It was a very hard week for my daughters and me, so I decided we needed a feel-good movie. That’s my go-to strategy to get us all together and to laugh as a family. 

I knew the exact story they needed: Cliffy.

I’m going to pretty much spoil most of the movie for you, but it’s a widespread real-life story, so no surprises there.

And it’s totally worth it!

Cliff Young’s Story

Every year, Australia holds the world’s longest and toughest race, which spans a distance of 875 kilometers (544 miles) of flats and hills – the equivalent of almost four marathons per day.

The Westfield Sydney to Melbourne Ultramarathon took at least five days to complete and would feature some of the world’s best athletes.

In 1983, Cliff Young, a scrawny farmer from a remote 2000-acre potato and sheep farm, decided to register for this “long race.”

As you can imagine, Cliffy liked to run. 

Cliff Young lived with his mother, he was a vegetarian and a teetotaler (a person that doesn’t consume alcohol).

When he showed up to the race, he had no sponsors, so they told him he couldn’t run, but he decided to run anyway.

Imagine this socially awkward man, wearing pants with holes cut for ventilation and gumboot galoshes walking up to get his number.

Everyone was in shock.

He trained for a month for the race by chasing dairy cows, racing along with world-class athletes.

And to top it off, he was toothless! 

Cliff Young was 61 years old and his false teeth would rattle when he ran. 

No, it wasn’t a race for senior citizens. Most of the participants were actually in their twenties.

Everyone thought this was insane – and dangerous for Cliffy!

Cliff Young just wanted to run. 

But Cliffy didn’t run like an athlete; he just shuffled along, which put a smile on people’s faces.

He stayed in the race, even though he was considerably behind the professional runners.

His joy inspired everyone, which made him a fan favorite.

It was common knowledge that runners would have a maximum of 18 hours for running the race. “The human body requires a minimum of six hours of sleep:” and every athlete lived by this. 

Cliff Young didn’t know that, though. He just kept on running, and soon he was in the lead!

He slept two hours the first night. After the second day of non-stop running, Cliffy slept for an hour and then got up to run again. 

Cliff Young kept increasing his lead, as national and international reporters and cheering crowds surrounded him.

On day five, 61-year-old Cliffy crossed the finish line in first place in the Sydney to Melbourne marathon.

Cliff shattered the previous record by 9 hours, and became a worldwide hero and a legend!

Cliffy won the race and a $10,000 prize.

There’re five other runners still out there doing it tougher than me,” he said.

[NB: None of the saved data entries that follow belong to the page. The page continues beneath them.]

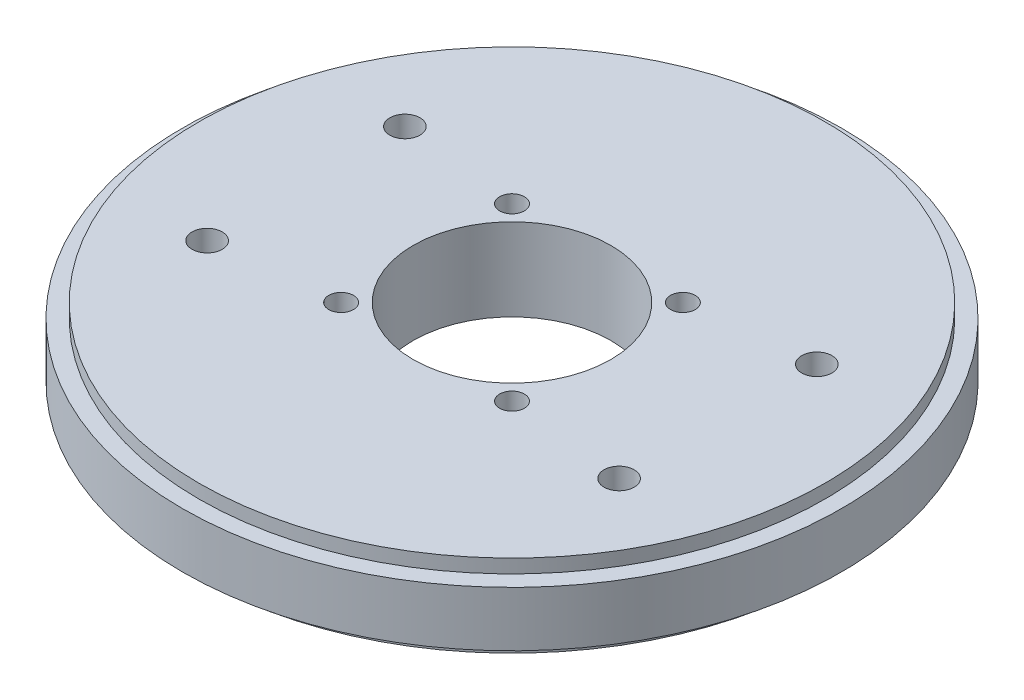
SolidWorks part; units mm, degrees
ref_plane "Front Plane" through (0, 0, 0) normal (0, 0, 1) x (1, 0, 0)
ref_plane "Top Plane" through (0, 0, 0) normal (0, 1, 0) x (1, 0, 0)
ref_plane "Right Plane" through (0, 0, 0) normal (1, 0, 0) x (0, 0, -1)
sketch "Sketch1" plane through (0, 0, 0) normal (0, 1, 0) x (1, 0, 0)
  circle A0 centre (0, 0) radius 57
  circle A1 centre (0, 0) radius 60
  dimension "D1" = 120
  dimension "D2" = 114
extrude "Extrude4" add sketch "Sketch1" along normal mid plane 15 contours A0
extrude "Extrude5" add sketch "Sketch" along normal mid plane 10
sketch "Sketch" plane through (0, 0, 0) normal (0, 1, 0) x (1, 0, 0) same geometry as "Sketch1"
sketch "Sketch5" plane through (0, 0, 0) normal (0, 1, 0) x (1, 0, 0)
  circle A0 centre (0, 0) radius 18
  dimension "D1" = 36
extrude "Extrude6" cut sketch "Sketch5" against normal through all both and the other way through all
hole_wizard "Ø4.5 (4.5) Diameter Hole1" positions "Sketch10" profile "Sketch11" hole size "Ø4.5" standard "ISO" end condition through all
sketch "Sketch10" plane through (0, -7.5, 0) normal (0, -1, 0) x (-1, 0, 0)
  point P6 (15.5563, 15.5563)
sketch "Sketch11" plane through (-15.5563, -7.5, -15.5563) normal (1, 0, 0) x (0, 0, -1)
  line L0 (0, 0) -> (0, 15)
  line L1 (0, 15) -> (2.25, 15)
  line L2 (2.25, 15) -> (2.25, 0)
  line L5 (2.25, 0) -> (0, 0)
  line L11 (0, -6.35) -> (0, 107.95) construction
  dimension "Thru Hole Dia." = 4.5
  dimension "Thru Hole Depth" = 15
ref_axis "Axis1" through (0, -8.25, 0) along (0, 1, 0)
pattern_circular "CirPattern1" count 4 over 360 about axis through (0, -8.25, 0) along (0, 1, 0) of "Ø4.5 (4.5) Diameter Hole1"
hole_wizard "M5 Clearance Hole1" positions "Sketch14" profile "Sketch15" hole size "M5" standard "ISO" end condition through all
sketch "Sketch14" plane through (0, 7.5, 0) normal (0, 1, 0) x (1, 0, 0)
  point P0 (-37.5, 18)
  point P3 (-37.5, -18)
  point P6 (37.5, -18)
  point P9 (37.5, 18)
sketch "Sketch15" plane through (-37.5, 7.5, -18) normal (1, 0, 0) x (0, 0, 1)
  line L0 (0, 0) -> (0, 15)
  line L1 (0, 15) -> (2.75, 15)
  line L2 (2.75, 15) -> (2.75, 0)
  line L5 (2.75, 0) -> (0, 0)
  line L11 (0, -6.35) -> (0, 107.95) construction
  dimension "Thru Hole Dia." = 5.5
  dimension "Thru Hole Depth" = 15
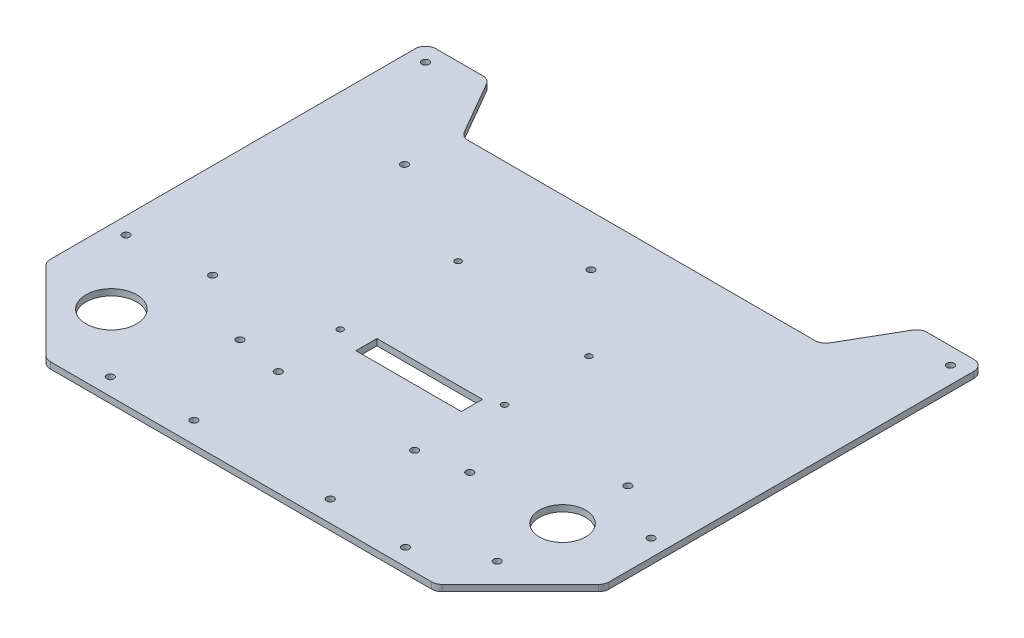
SolidWorks part; units mm, degrees
material "Acier non allié"
ref_plane "Front" through (0, 0, 0) normal (0, 0, 1) x (1, 0, 0)
ref_plane "Top" through (0, 0, 0) normal (0, 1, 0) x (1, 0, 0)
ref_plane "Right" through (0, 0, 0) normal (1, 0, 0) x (0, 0, -1)
sketch "Esquisse1" plane through (0, 0, 0) normal (0, 1, 0) x (1, 0, 0)
  line L0 (0, 0) -> (0, 1919.0564) construction
  line L1 (-92.5, 0) -> (92.5, 0)
  line L2 (92.5, 0) -> (132.5, 40)
  line L3 (132.5, 40) -> (132.5, 220)
  line L4 (132.5, 220) -> (102.5, 220)
  line L5 (102.5, 220) -> (85.1795, 190)
  line L6 (85.1795, 190) -> (-85.1795, 190)
  line L7 (-102.5, 220) -> (-85.1795, 190)
  line L8 (-132.5, 220) -> (-102.5, 220)
  line L9 (-132.5, 40) -> (-132.5, 220)
  line L10 (-92.5, 0) -> (-132.5, 40)
  point P12 (0, 190)
  dimension "D1" = 132.5
  dimension "D2" = 220
  dimension "D3" = 30
  dimension "D4" = 30
  dimension "D5" = 40
  dimension "D6" = 40
  dimension "D7" = 60
extrude "Boss.-Extru.1" add sketch "Esquisse1" along normal blind 3
fillet "Congé1" radius 5 10 edges at (132.5, 1.5, -220) (102.5, 1.5, -220) (85.1795, 1.5, -190) (-85.1795, 1.5, -190) (-102.5, 1.5, -220) (-132.5, 1.5, -220) (-132.5, 1.5, -40) (-92.5, 1.5, 0) (92.5, 1.5, 0) (132.5, 1.5, -40)
sketch "Esquisse2" plane through (0, 0, 0) normal (0, -1, 0) x (1, 0, 0)
  line L0 (0, 0) -> (0, -330.9968) construction
  line L1 (-90.4289, 0) -> (90.4289, 0) construction
  line L2 (-105.3868, -220) -> (-127.5, -220) construction
  line L3 (-132.5, -215) -> (-132.5, -42.0711) construction
  circle A0 centre (-70, -8) radius 1
  circle A1 centre (-124.5, -70) radius 1
  circle A2 centre (-124.5, -212) radius 1
  circle A3 centre (124.5, -212) radius 1
  circle A4 centre (124.5, -70) radius 1
  circle A5 centre (70, -8) radius 1
  dimension "D3" = 2
  dimension "D6" = 2
  dimension "D9" = 2
  dimension "D1" = 70
  dimension "D2" = 8
  dimension "D4" = 124.5
  dimension "D5" = 70
  dimension "D7" = 8
  dimension "D8" = 8
extrude "Enlèv. mat.-Extru.1" cut sketch "Esquisse2" against normal through all
hole_wizard "Dégagement M31" positions "Esquisse3" profile "Esquisse4" hole size "M3" standard "ISO" end condition through all
sketch "Esquisse3" plane through (0, 0, 0) normal (0, -1, 0) x (-1, 0, 0)
  point P0 (-70, 8)
  point P3 (-124.5, 70)
  point P6 (-124.5, 212)
  point P9 (124.5, 212)
  point P12 (124.5, 70)
  point P15 (70, 8)
sketch "Esquisse4" plane through (70, 0, -8) normal (1, 0, 0) x (0, 0, -1)
  line L0 (0, 0) -> (0, 3)
  line L1 (0, 3) -> (1.7, 3)
  line L2 (1.7, 3) -> (1.7, 0)
  line L5 (1.7, 0) -> (0, 0)
  line L11 (0, -6.35) -> (0, 107.95) construction
  dimension "Diamètre du perçage jusqu'au prochain" = 3.4
  dimension "Profondeur du perçage jusqu'au prochain" = 3
sketch "Esquisse5" plane through (0, 0, 0) normal (0, -1, 0) x (1, 0, 0)
  line L0 (-35, -138) -> (-35, -82) construction
  line L5 (35, -130) -> (35, -90) construction
  line L6 (132.5, -42.0711) -> (132.5, -215) construction
  line L7 (97.5, -86) -> (97.5, -24) construction
  line L20 (-132.5, -215) -> (-132.5, -42.0711) construction
  line L21 (-90.4289, 0) -> (90.4289, 0) construction
  line L22 (-105.3868, -220) -> (-127.5, -220) construction
  line L27 (-132.5, -215) -> (-132.5, -42.0711) construction
  line L28 (127.5, -220) -> (105.3868, -220) construction
  line L29 (-54.5, -54) -> (54.5, -54) construction
  line L30 (-54.5, -54) -> (-54.5, -166) construction
  line L31 (-54.5, -166) -> (54.5, -166) construction
  line L32 (54.5, -54) -> (54.5, -166) construction
  line L33 (-87.5, -74) -> (-87.5, -165) construction
  line L34 (-22.5, -87) -> (27.5, -87)
  line L35 (-22.5, -87) -> (-22.5, -77)
  line L36 (-22.5, -77) -> (27.5, -77)
  line L37 (27.5, -87) -> (27.5, -77)
  line L39 (127.5, -220) -> (105.3868, -220) construction
  line L40 (-32.335, -50) -> (32.335, -50) construction
  line L41 (-32.335, -50) -> (-32.335, -10) construction
  line L42 (-32.335, -10) -> (32.335, -10) construction
  line L43 (32.335, -50) -> (32.335, -10) construction
  circle A0 centre (-97.5, -36) radius 12
  circle A3 centre (97.5, -55) radius 11
  circle A4 centre (97.5, -86) radius 1.5
  circle A5 centre (97.5, -24) radius 1.5
  circle A6 centre (-35, -138) radius 1
  circle A7 centre (-35, -82) radius 1
  circle A8 centre (35, -130) radius 1
  circle A9 centre (35, -90) radius 1
  circle A10 centre (0, -166) radius 1.5
  circle A11 centre (-54.5, -54) radius 1.5
  circle A12 centre (54.5, -54) radius 1.5
  circle A13 centre (-87.5, -74) radius 1.5
  circle A14 centre (-87.5, -165) radius 1.5
  circle A15 centre (-32.335, -50) radius 1.5
  circle A16 centre (-32.335, -10) radius 1.5
  circle A17 centre (32.335, -10) radius 1.5
  circle A18 centre (32.335, -50) radius 1.5
  point P8 (97.5, -55)
  point P18 (-35, -110)
  point P23 (0, -166)
  point P29 (54.5, -110)
  point P47 (-22.5, -82)
  point P48 (2.5, -77)
  point P57 (0, 0)
  point P58 (0, -10)
  dimension "D10" = 24
  dimension "D2" = 22
  dimension "D6" = 3
  dimension "D7" = 3
  dimension "D20" = 2
  dimension "D21" = 2
  dimension "D27" = 2
  dimension "D28" = 2
  dimension "D14" = 3
  dimension "D30" = 3
  dimension "D31" = 3
  dimension "D38" = 3
  dimension "D39" = 3
  dimension "D19" = 3
  dimension "D36" = 3
  dimension "D40" = 3
  dimension "D41" = 3
  dimension "D8" = 35
  dimension "D9" = 36
  dimension "D3" = 35
  dimension "D4" = 55
  dimension "D5" = 62
  dimension "D22" = 110
  dimension "D23" = 97.5
  dimension "D24" = 56
  dimension "D25" = 8
  dimension "D26" = 40
  dimension "D29" = 70
  dimension "D11" = 109
  dimension "D12" = 112
  dimension "D13" = 110
  dimension "D32" = 50
  dimension "D33" = 10
  dimension "D34" = 135
  dimension "D35" = 91
  dimension "D37" = 55
  dimension "D15" = 45
  dimension "D16" = 64.67
  dimension "D17" = 40
  dimension "D18" = 10
extrude "Enlèv. mat.-Extru.2" cut sketch "Esquisse5" against normal through all
fillet "Congé2" [suppressed] radius 3
hole_wizard "Dégagement M32" positions "Esquisse6" profile "Esquisse7" hole size "M3" standard "ISO" end condition up to next
sketch "Esquisse6" plane through (0, 3, 0) normal (0, 1, 0) x (1, 0, 0)
  point P7 (97.5, 86)
  point P10 (97.5, 24)
  point P13 (-54.5, 54)
  point P16 (54.5, 54)
  point P19 (0, 166)
  point P24 (-87.5, 74)
  point P27 (-87.5, 165)
  point P30 (-32.335, 50)
  point P33 (-32.335, 10)
  point P36 (32.335, 10)
  point P39 (32.335, 50)
sketch "Esquisse7" plane through (97.5, 3, -86) normal (1, 0, 0) x (0, 0, 1)
  line L0 (0, 0) -> (0, 3)
  line L1 (0, 3) -> (1.7, 3)
  line L2 (1.7, 3) -> (1.7, 0)
  line L5 (1.7, 0) -> (0, 0)
  line L11 (0, -6.35) -> (0, 107.95) construction
  dimension "Diamètre du perçage jusqu'au prochain" = 3.4
  dimension "Profondeur du perçage jusqu'au prochain" = 3
hole_wizard "Dégagement M2.51" positions "Esquisse8" profile "Esquisse9" hole size "M2.5" standard "ISO" end condition up to next
sketch "Esquisse8" plane through (0, 3, 0) normal (0, 1, 0) x (1, 0, 0)
  point P0 (-35, 138)
  point P3 (-35, 82)
  point P6 (35, 90)
  point P9 (35, 130)
sketch "Esquisse9" plane through (-35, 3, -138) normal (1, 0, 0) x (0, 0, 1)
  line L0 (0, 0) -> (0, 3)
  line L1 (0, 3) -> (1.45, 3)
  line L2 (1.45, 3) -> (1.45, 0)
  line L5 (1.45, 0) -> (0, 0)
  line L11 (0, -6.35) -> (0, 107.95) construction
  dimension "Diamètre du perçage jusqu'au prochain" = 2.9
  dimension "Profondeur du perçage jusqu'au prochain" = 3
sketch "Esquisse10" plane through (0, 3, 0) normal (0, 1, 0) x (1, 0, 0)
  line L3 (-57.5, 38) -> (57.5, 38) construction
  line L4 (-132.5, 215) -> (-132.5, 42.0711) construction
  line L5 (132.5, 42.0711) -> (132.5, 215) construction
  line L6 (-90.4289, 0) -> (90.4289, 0) construction
  text T0 "TUTANKHABOT"
  text T1 "\r\nDesigned and assembled by :\r\n" font "Century Gothic" height in points 14
  text T2 "\r\n\r\nBERNARD Théau\r\nBOSSCHAERT Sébastien\r\nBOULANGER François\r\n" font "Century Gothic" height in points 14
  text T3 "\r\n\r\nISENGUERRE Nicolas\r\nLANNOEY Diego\r\nMERCIER Clément" font "Century Gothic" height in points 14
  dimension "D1" = 75
  dimension "D2" = 75
  dimension "D3" = 38
extrude "Enlèv. mat.-Extru.3" [suppressed] cut sketch "Esquisse10" against normal blind 0.1
equation "\"WIDTH\"= 300mm'Total width of the robot"
equation "\"LENGTH\"= 220mm'Total length of the robot"
equation "\"CUT_DEPTH\"= 45mm'Depth of the cut on the edges of the plate"
equation "\"Plate_th\"= 3mm'Thickness of the plate"
equation "\"D1\"= \"Plate_th\""
equation "\"D23@Esquisse5\"=(265-70)/2"
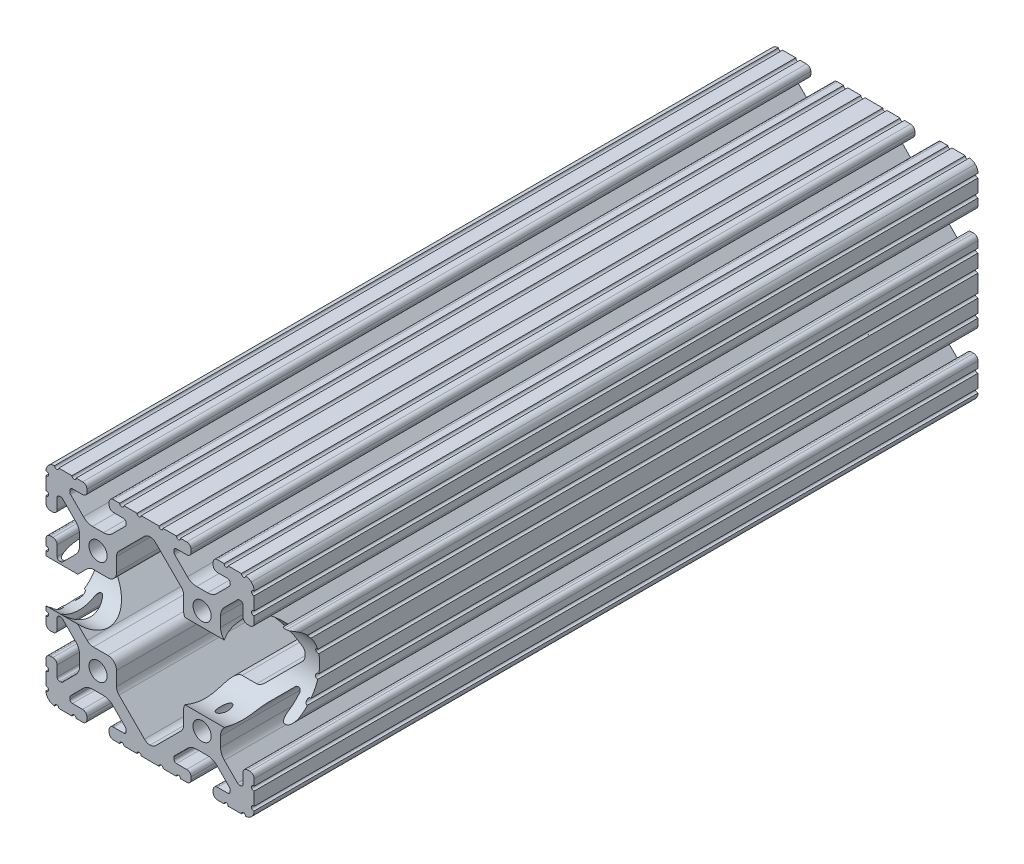
SolidWorks part; units mm, degrees
ref_plane "Front Plane" through (0, 0, 0) normal (0, 0, 1) x (1, 0, 0)
ref_plane "Top Plane" through (0, 0, 0) normal (0, 1, 0) x (1, 0, 0)
ref_plane "Right Plane" through (0, 0, 0) normal (1, 0, 0) x (0, 0, -1)
sketch "Sketch1" plane through (0, 0, 0) normal (0, 0, 1) x (1, 0, 0)
  line L0 (0, 38.1) -> (0, -38.1) construction
  line L1 (-38.1, -38.1) -> (38.1, -38.1) construction
  line L2 (-38.1, -38.1) -> (-38.1, 38.1) construction
  line L3 (-38.1, 38.1) -> (38.1, 38.1) construction
  line L4 (38.1, -38.1) -> (38.1, 38.1) construction
  line L5 (0, 38.1) -> (0, -38.1) construction
  line L6 (-38.1, 0) -> (38.1, 0) construction
  line L7 (-19.05, 19.05) -> (19.05, 19.05) construction
  line L8 (-19.05, 19.05) -> (-19.05, -19.05) construction
  line L9 (-19.05, -19.05) -> (19.05, -19.05) construction
  line L10 (19.05, 19.05) -> (19.05, -19.05) construction
  line L11 (-23.114, 38.1) -> (-23.114, -38.1) construction
  line L12 (-23.114, -38.1) -> (-14.986, 38.1) construction
  line L13 (-14.986, 38.1) -> (-14.986, -38.1) construction
  circle A0 centre (19.05, 19.05) radius 3.3274
  point P0 (0, 0)
  point P9 (0, 0)
  point P12 (-19.05, 0)
  line B0 (-11.3637, -22.8433) -> (-2.0515, -32.1555)
  line B1 (-12.2936, -15.4686) -> (-12.2936, -20.5983)
  line B2 (-20.769, -12.2936) -> (-15.4686, -12.2936)
  line B3 (-31.9021, -2.4756) -> (-23.0141, -11.3637)
  line B4 (-23.0141, 11.3637) -> (-31.9021, 2.4756)
  line B5 (-15.4686, 12.2936) -> (-20.769, 12.2936)
  line B6 (-12.2936, 20.5983) -> (-12.2936, 15.4686)
  line B7 (-2.0515, 32.1555) -> (-11.3637, 22.8433)
  line B8 (11.3637, 22.8433) -> (2.0515, 32.1555)
  line B9 (12.2936, 15.4686) -> (12.2936, 20.5983)
  line B10 (20.769, 12.2936) -> (15.4686, 12.2936)
  line B11 (31.9021, 2.4756) -> (23.0141, 11.3637)
  line B12 (23.0141, -11.3637) -> (31.9021, -2.4756)
  line B13 (15.4686, -12.2936) -> (20.769, -12.2936)
  line B14 (12.2936, -20.5983) -> (12.2936, -15.4686)
  line B15 (2.0515, -32.1555) -> (11.3637, -22.8433)
  line B16 (-4.7773, 38.1) -> (-9.6053, 38.1)
  line B17 (-11.1289, 38.1) -> (-13.4112, 38.1)
  line B18 (-14.986, 36.5252) -> (-14.986, 35.6108)
  line B19 (-13.4112, 34.036) -> (-9.652, 34.036)
  line B20 (-8.763, 33.147) -> (-8.763, 32.4935)
  line B21 (-9.0234, 31.8649) -> (-13.6907, 27.1976)
  line B22 (-17.0493, 25.8064) -> (-21.0507, 25.8064)
  line B23 (-24.4093, 27.1976) -> (-29.1002, 31.8885)
  line B24 (-29.337, 32.7207) -> (-29.337, 33.147)
  line B25 (-28.448, 34.036) -> (-24.6888, 34.036)
  line B26 (-23.114, 35.6108) -> (-23.114, 36.5252)
  line B27 (-24.6888, 38.1) -> (-27.0772, 38.1)
  line B28 (-28.6011, 38.1) -> (-33.4288, 38.1)
  line B29 (-38.1, 33.373) -> (-38.1, 28.5453)
  line B30 (-38.1, 27.0238) -> (-38.1, 24.6302)
  line B31 (-36.5252, 23.0554) -> (-35.6108, 23.0554)
  line B32 (-34.036, 24.6302) -> (-34.036, 28.448)
  line B33 (-33.147, 29.337) -> (-32.6643, 29.337)
  line B34 (-32.0357, 29.0766) -> (-27.1976, 24.2385)
  line B35 (-25.8064, 20.8799) -> (-25.8064, 17.2201)
  line B36 (-27.1976, 13.8615) -> (-31.9489, 9.1101)
  line B37 (-32.7869, 8.763) -> (-33.0603, 8.763)
  line B38 (-34.036, 9.7387) -> (-34.036, 13.4698)
  line B39 (-35.6108, 15.0446) -> (-36.5252, 15.0446)
  line B40 (-38.1, 13.4698) -> (-38.1, 11.075)
  line B41 (-38.1, 9.552) -> (-38.1, 4.7238)
  line B42 (-38.1, 3.2007) -> (-38.1, -3.2007)
  line B43 (-38.1, -4.7238) -> (-38.1, -9.552)
  line B44 (-38.1, -11.075) -> (-38.1, -13.4698)
  line B45 (-36.5252, -15.0446) -> (-35.6108, -15.0446)
  line B46 (-34.036, -13.4698) -> (-34.036, -9.7387)
  line B47 (-33.0603, -8.763) -> (-32.7869, -8.763)
  line B48 (-31.9489, -9.1101) -> (-27.1976, -13.8615)
  line B49 (-25.8064, -17.2201) -> (-25.8064, -20.8799)
  line B50 (-27.1976, -24.2385) -> (-32.0357, -29.0766)
  line B51 (-32.6643, -29.337) -> (-33.147, -29.337)
  line B52 (-34.036, -28.448) -> (-34.036, -24.6302)
  line B53 (-35.6108, -23.0554) -> (-36.5252, -23.0554)
  line B54 (-38.1, -24.6302) -> (-38.1, -27.0238)
  line B55 (-38.1, -28.5453) -> (-38.1, -33.373)
  line B56 (-33.4288, -38.1) -> (-28.6011, -38.1)
  line B57 (-27.0772, -38.1) -> (-24.6888, -38.1)
  line B58 (-23.114, -36.5252) -> (-23.114, -35.6108)
  line B59 (-24.6888, -34.036) -> (-28.448, -34.036)
  line B60 (-29.337, -33.147) -> (-29.337, -32.7207)
  line B61 (-29.1002, -31.8885) -> (-24.4093, -27.1976)
  line B62 (-21.0507, -25.8064) -> (-17.0493, -25.8064)
  line B63 (-13.6907, -27.1976) -> (-9.0234, -31.8649)
  line B64 (-8.763, -32.4935) -> (-8.763, -33.147)
  line B65 (-9.652, -34.036) -> (-13.4112, -34.036)
  line B66 (-14.986, -35.6108) -> (-14.986, -36.5252)
  line B67 (-13.4112, -38.1) -> (-11.1289, -38.1)
  line B68 (-9.6053, -38.1) -> (-4.7773, -38.1)
  line B69 (-3.2537, -38.1) -> (3.2537, -38.1)
  line B70 (4.7773, -38.1) -> (9.6053, -38.1)
  line B71 (11.1289, -38.1) -> (13.4112, -38.1)
  line B72 (14.986, -36.5252) -> (14.986, -35.6108)
  line B73 (13.4112, -34.036) -> (9.652, -34.036)
  line B74 (8.763, -33.147) -> (8.763, -32.4935)
  line B75 (9.0234, -31.8649) -> (13.6907, -27.1976)
  line B76 (17.0493, -25.8064) -> (21.0507, -25.8064)
  line B77 (24.4093, -27.1976) -> (29.1002, -31.8885)
  line B78 (29.337, -32.7207) -> (29.337, -33.147)
  line B79 (28.448, -34.036) -> (24.6888, -34.036)
  line B80 (23.114, -35.6108) -> (23.114, -36.5252)
  line B81 (24.6888, -38.1) -> (27.0772, -38.1)
  line B82 (28.6011, -38.1) -> (33.4288, -38.1)
  line B83 (38.1, -33.373) -> (38.1, -28.5453)
  line B84 (38.1, -27.0238) -> (38.1, -24.6302)
  line B85 (36.5252, -23.0554) -> (35.6108, -23.0554)
  line B86 (34.036, -24.6302) -> (34.036, -28.448)
  line B87 (33.147, -29.337) -> (32.6643, -29.337)
  line B88 (32.0357, -29.0766) -> (27.1976, -24.2385)
  line B89 (25.8064, -20.8799) -> (25.8064, -17.2201)
  line B90 (27.1976, -13.8615) -> (31.9489, -9.1101)
  line B91 (32.7869, -8.763) -> (33.0603, -8.763)
  line B92 (34.036, -9.7387) -> (34.036, -13.4698)
  line B93 (35.6108, -15.0446) -> (36.5252, -15.0446)
  line B94 (38.1, -13.4698) -> (38.1, -11.075)
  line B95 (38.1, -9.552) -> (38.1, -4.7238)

He didn’t keep any of the money and divided it among the other runners, instead.

His prize was how happy running made him. His motivation along the race was imagining that he was chasing sheep and trying to get them to safety before a storm.

Cliff Young kept running over the years and never kept a single prize.

If someone gave him a watch, he would politely accept it and then give it to a child. 

When he won a car in 1984, he gave it to another runner. 

He said that he didn’t understand why he would need a watch: he knew when it was daylight, knew when it was dark, and knew when he was hungry!

At 62 years old, Cliff Young was awarded the Medal of the Order of Australia “for long-distance running.”

In 1997, at age 76, he made an attempt to beat Ron Grant’s around-Australia record. He completed 6,520 kilometers of the 16,000-kilometer run, but he had to pull out because his only crew member became ill.

In 2000, he achieved a world age record in a six-day race in Victoria. 

Cliffy ran more than 20,000 kilometers during his competitive career. 

After five years of illness, and several strokes, Cliff Young died of cancer at the age of 81 on November 2, 2003 at his home in Queensland.

Cliffy is remembered with love. A memorial in the shape of a gumboot in Beech Forest is dedicated to Young, and the Cliff Young Drive and Cliff Young Park there are named after him.

Why does the story of Albert Ernest Clifford Young continue to inspire even today?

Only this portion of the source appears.